=== Data ===

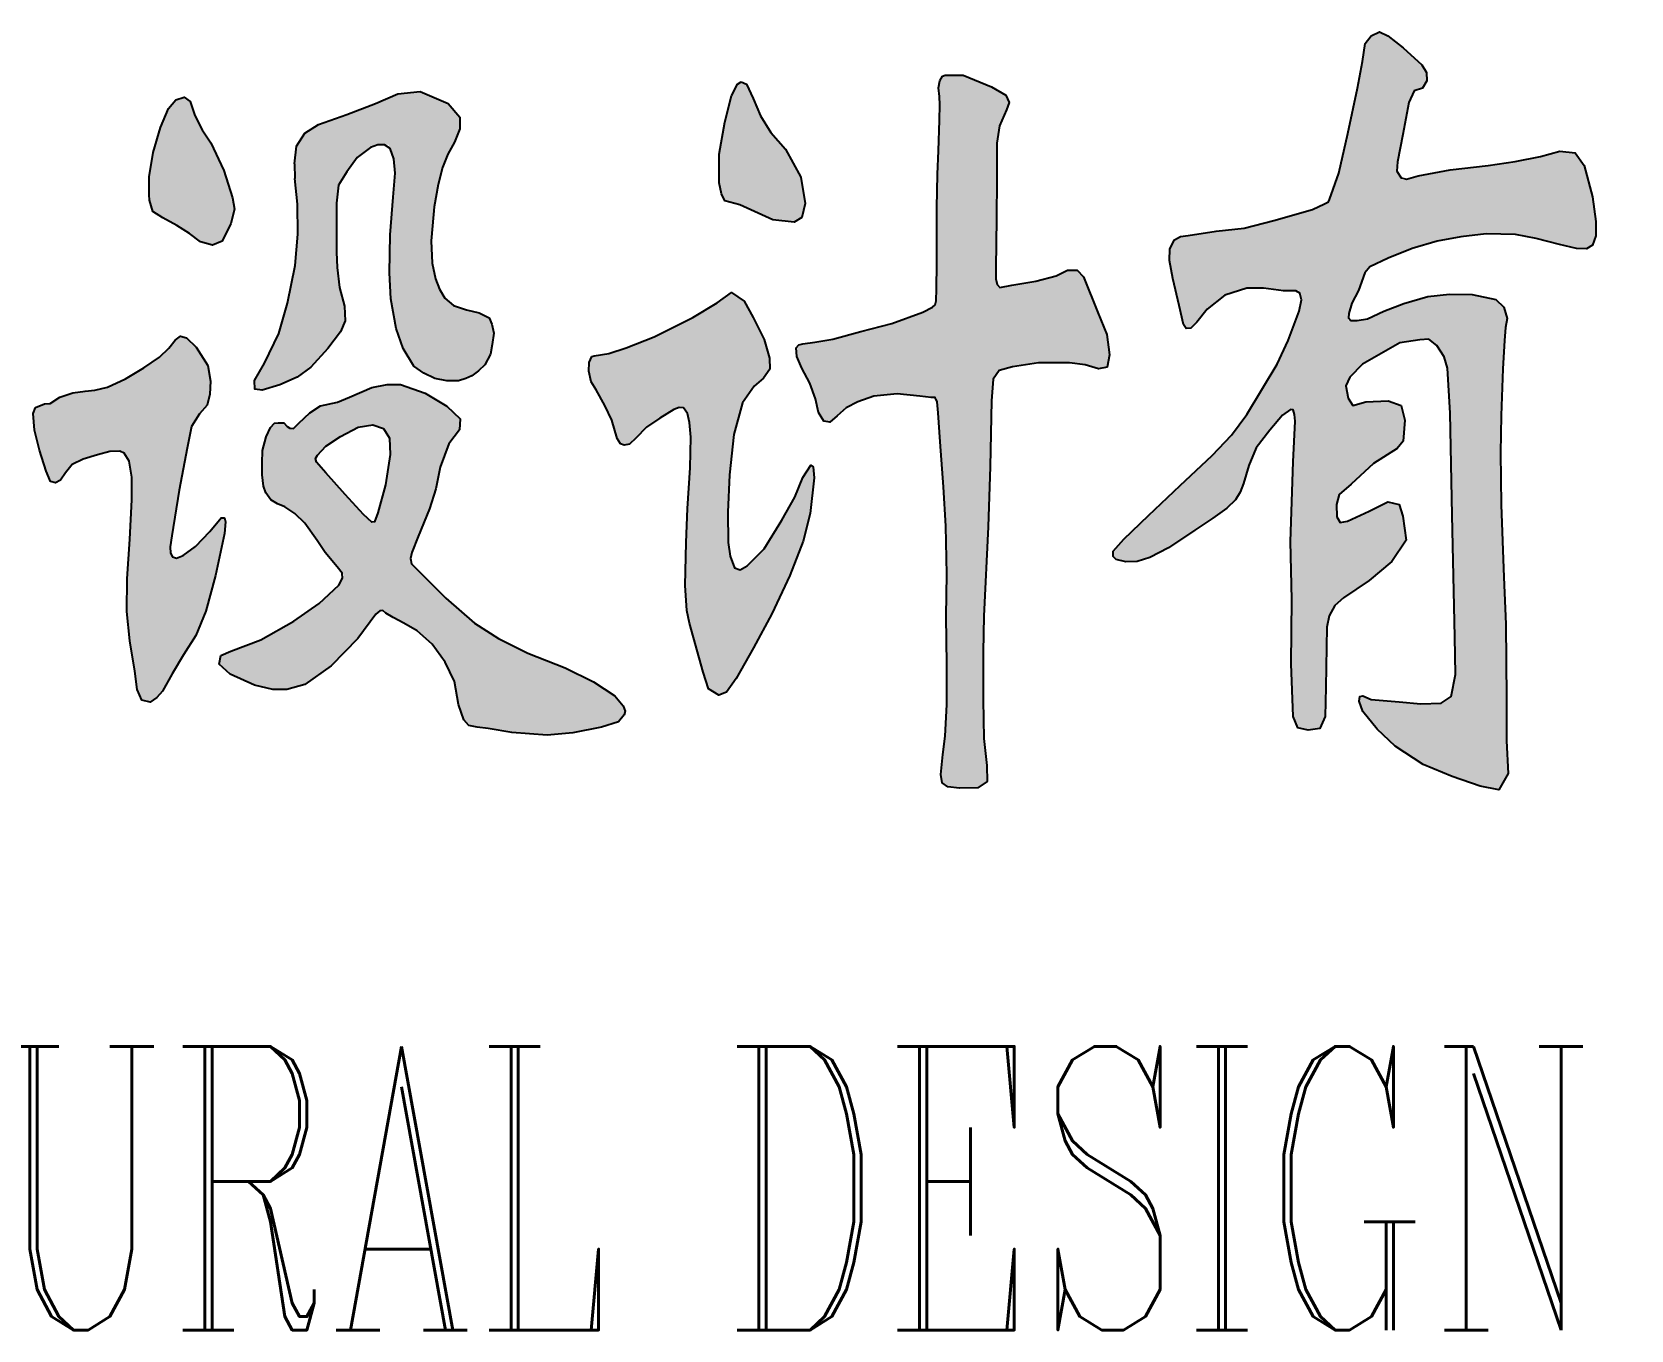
# Model space of a CAD drawing. Extents: x 367348645 to 367600945, y 521264746 to 521442946.
# Drawn here: x 367588187 to 367592638, y 521425288 to 521428901 of the extents above; entities that cross this region are included whole.
import ezdxf

# ---------------------------------------------------------------- set-up
doc = ezdxf.new("R2010")
doc.units = 0
doc.header["$LTSCALE"] = 1000
doc.header["$MEASUREMENT"] = 0
doc.layers.add('0-图框', color=4, linetype='Continuous')
doc.styles.add('chc-图签单线文字', font='romanc.shx', dxfattribs={"bigfont": 'hztxt.shx'})

# ---------------------------------------------------------------- blocks, each defined once
blk = doc.blocks.new('w1')
at = {"layer": '0-图框'}
blk.add_hatch(color=5, dxfattribs=at).paths.add_polyline_path([(83451.8, -1244.8), (83452.4, -1235.3), (83460.1, -1207.4), (83468.6, -1174.6), (83476.3, -1162.8), (83488.4, -1160.1), (83494.4, -1152.4), (83494.1, -1143.9), (83487.6, -1136.2), (83460.9, -1118.8), (83438.5, -1106.6), (83426.9, -1102.5), (83414.8, -1106.6), (83406.2, -1114.3), (83402.4, -1132.6), (83395.3, -1160.1), (83381.3, -1206.5), (83368.7, -1247), (83354.3, -1275.8), (83347.9, -1278.4), (83330.7, -1284.1), (83275.6, -1295.4), (83233, -1303), (83193, -1306.1), (83152.8, -1310.5), (83141.8, -1311.7), (83133.3, -1315.1), (83126.4, -1324.3), (83126.2, -1336.3), (83131, -1354.5), (83140, -1382.3), (83146.2, -1401.7), (83149.8, -1405.8), (83156.7, -1405.6), (83165.4, -1399.2), (83180, -1386.1), (83205.4, -1371.8), (83236.9, -1364.6), (83260.5, -1364.6), (83289.4, -1367.4), (83311.4, -1367.1), (83315.3, -1376.4), (83311.7, -1387.9), (83295.8, -1417.9), (83280.2, -1442.2), (83236.8, -1493.6), (83214.8, -1514.8), (83187.1, -1535.6), (83141.4, -1566.3), (83096.2, -1596.9), (83060.9, -1621.1), (83045.4, -1633.4), (83045.6, -1639.1), (83049.5, -1642.1), (83063.7, -1644.6), (83079.6, -1644.2), (83097.8, -1640), (83124.9, -1630.2), (83162.4, -1612.1), (83188, -1599.8), (83208.1, -1589.4), (83220.6, -1581.2), (83227.4, -1573.2), (83232, -1564.5), (83239.8, -1546), (83250.4, -1527.8), (83269.7, -1509.9), (83288.1, -1494.3), (83302, -1487.2), (83306.3, -1495.8), (83303.3, -1542), (83299.6, -1623.7), (83301.2, -1683), (83300.1, -1748.7), (83303.3, -1802.7), (83309.7, -1814.4), (83324.5, -1816.5), (83341.5, -1814.9), (83348.9, -1802.7), (83350, -1772.5), (83351.6, -1711.4), (83354.7, -1699.8), (83362.7, -1689.2), (83375.4, -1681.2), (83412, -1663.7), (83444.3, -1644.2), (83465, -1622.3), (83460.2, -1597.9), (83454.9, -1585.8), (83438.5, -1583.1), (83412, -1592.6), (83381.2, -1602.7), (83370.6, -1604.3), (83365.9, -1598.5), (83365.3, -1585.8), (83369.1, -1575.7), (83386, -1565.1), (83418.3, -1543.9), (83452.3, -1528.6), (83460.7, -1521.1), (83462.9, -1499.4), (83457.6, -1484.6), (83439, -1479.8), (83407.2, -1480.9), (83388.7, -1484.6), (83381.8, -1477.2), (83378.6, -1464.5), (83384.4, -1455.5), (83402.4, -1442.2), (83456, -1420.5), (83484.6, -1417.4), (83497.3, -1416.8), (83509, -1423.2), (83519.6, -1434.8), (83524, -1446.3), (83527.8, -1492.4), (83530.9, -1596.8), (83534.7, -1721), (83535.4, -1759.6), (83529.4, -1782.3), (83515, -1789.1), (83486.2, -1789.8), (83455.2, -1787.6), (83415.1, -1785.3), (83403, -1781.5), (83398.5, -1782.3), (83397.7, -1786.8), (83403, -1797.4), (83423.4, -1815.5), (83449.2, -1832.9), (83489.3, -1851.8), (83530.9, -1863.9), (83571, -1873.8), (83597.5, -1877.5), (83611.1, -1860.9), (83608.8, -1827.6), (83608.8, -1783.8), (83607.7, -1708.1), (83604.8, -1660.3), (83600.9, -1586), (83600.3, -1532.9), (83601.2, -1494.8), (83603.3, -1447.1), (83605.7, -1417.9), (83607.1, -1404.9), (83609.8, -1395.4), (83604.7, -1384.1), (83593.2, -1376.1), (83559.7, -1371.1), (83527.2, -1370.8), (83496.2, -1373.2), (83461.6, -1380.2), (83433.2, -1388.2), (83409.8, -1395.9), (83394.7, -1397.7), (83382, -1397.7), (83382.9, -1390.3), (83387.3, -1380), (83396.5, -1367), (83408.5, -1344.2), (83439.2, -1333.8), (83473.5, -1324), (83509.5, -1316.3), (83543.5, -1312.2), (83579.6, -1309), (83621.7, -1309.8), (83651, -1313.6), (83684.4, -1319.8), (83708.7, -1323.9), (83723.2, -1324.2), (83732, -1320.7), (83736.5, -1310.9), (83736.5, -1296.5), (83731.7, -1271.1), (83719.9, -1238.9), (83706.9, -1226.1), (83685, -1224.4), (83657.5, -1229.7), (83621.1, -1235), (83582.2, -1239.2), (83527.8, -1243.6), (83482.2, -1249.8), (83459.9, -1254.2)])
h = blk.add_hatch(color=5, dxfattribs=at)
h.paths.add_polyline_path([(82481.1, -1227.6), (82481.1, -1256.9), (82484.6, -1268.1), (82489.3, -1275.2), (82511.1, -1279.3), (82558.1, -1294.5), (82588.7, -1296.9), (82599.8, -1292.2), (82604.5, -1278.1), (82598.1, -1251.1), (82576.3, -1222.3), (82555.2, -1205.3), (82540.5, -1188.2), (82529.9, -1170.6), (82520.5, -1155.9), (82512.8, -1153.6), (82507.5, -1155.9), (82498.7, -1167.7), (82489.3, -1194.7)])
h.paths.add_polyline_path([(82443.5, -1394.4), (82388.2, -1414.4), (82348.2, -1425.5), (82323.5, -1431.4), (82302.4, -1433.7), (82298.9, -1434.6), (82294.9, -1440.7), (82294.6, -1449.6), (82298, -1460.3), (82305, -1468.6), (82317.7, -1484.5), (82327.7, -1499.7), (82335.2, -1518.2), (82339.9, -1523.7), (82345.3, -1525.1), (82352.8, -1524.2), (82362.1, -1517.9), (82377.1, -1506.7), (82396.4, -1497.4), (82421.4, -1486.4), (82430.4, -1486.8), (82435.9, -1492.8), (82438.8, -1501.8), (82440.5, -1517), (82439.9, -1548.3), (82435.9, -1589.8), (82433.9, -1624.7), (82432.7, -1668.6), (82435, -1694.3), (82438.8, -1707.3), (82458.4, -1757.4), (82466.2, -1774.4), (82480.9, -1780.7), (82491.9, -1777.6), (82505.4, -1763.7), (82530.2, -1732.3), (82556.8, -1697.7), (82582.5, -1658.5), (82601.5, -1623.2), (82611.6, -1595), (82617.4, -1558.6), (82615.9, -1547.4), (82612.5, -1545.7), (82600.9, -1558.1), (82589.4, -1578.2), (82570.9, -1601.9), (82545.6, -1631.3), (82521.6, -1648.6), (82511.5, -1652.6), (82503.2, -1650.6), (82496.8, -1638.8), (82494.2, -1624.6), (82493.6, -1593.5), (82495.9, -1555.5), (82502.3, -1514.1), (82514.7, -1481.8), (82531.2, -1464.8), (82544.7, -1456.5), (82553.6, -1447.5), (82553.4, -1436.3), (82545.6, -1417), (82530, -1394.6), (82517.3, -1377.9), (82498.7, -1369.1), (82478.2, -1379.7)])
h.paths.add_polyline_path([(82772.8, -1389), (82728.4, -1400.8), (82683.9, -1409), (82644, -1416.7), (82618.1, -1419.7), (82601, -1421.5), (82595.5, -1422.4), (82591.6, -1425.5), (82592.5, -1434.3), (82599.8, -1446.3), (82611.1, -1461.8), (82619.3, -1477.6), (82623.3, -1491.6), (82631.2, -1500.5), (82639.7, -1501.7), (82650.4, -1495), (82663.2, -1486.8), (82679.6, -1480.7), (82702.9, -1474.9), (82736.1, -1472.5), (82768.7, -1474.9), (82784.8, -1476.4), (82793.2, -1476.4), (82794.9, -1492), (82797.6, -1521.8), (82802.5, -1567.6), (82805.8, -1608.1), (82807.1, -1656.9), (82806.4, -1700.1), (82807.1, -1749.5), (82807.1, -1790.3), (82804.9, -1822.9), (82801.6, -1841.4), (82798.8, -1862.1), (82800.4, -1870.6), (82808.9, -1874.6), (82825.3, -1876.1), (82851.8, -1875.5), (82864.9, -1869.1), (82864.6, -1852.7), (82860.1, -1825.3), (82859.4, -1785.7), (82859.4, -1736.5), (82860.4, -1700), (82866.5, -1608.5), (82869.2, -1547), (82871.4, -1479.9), (82873.5, -1457.7), (82882, -1448.9), (82901.2, -1444.9), (82938.4, -1441), (82982.8, -1441), (83005.4, -1442.8), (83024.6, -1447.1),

===

All lines above that include the word "blocks" should be located and copied.

# ---------------------------------------------------------------- blocks, each defined once
blk = doc.blocks.new('w1')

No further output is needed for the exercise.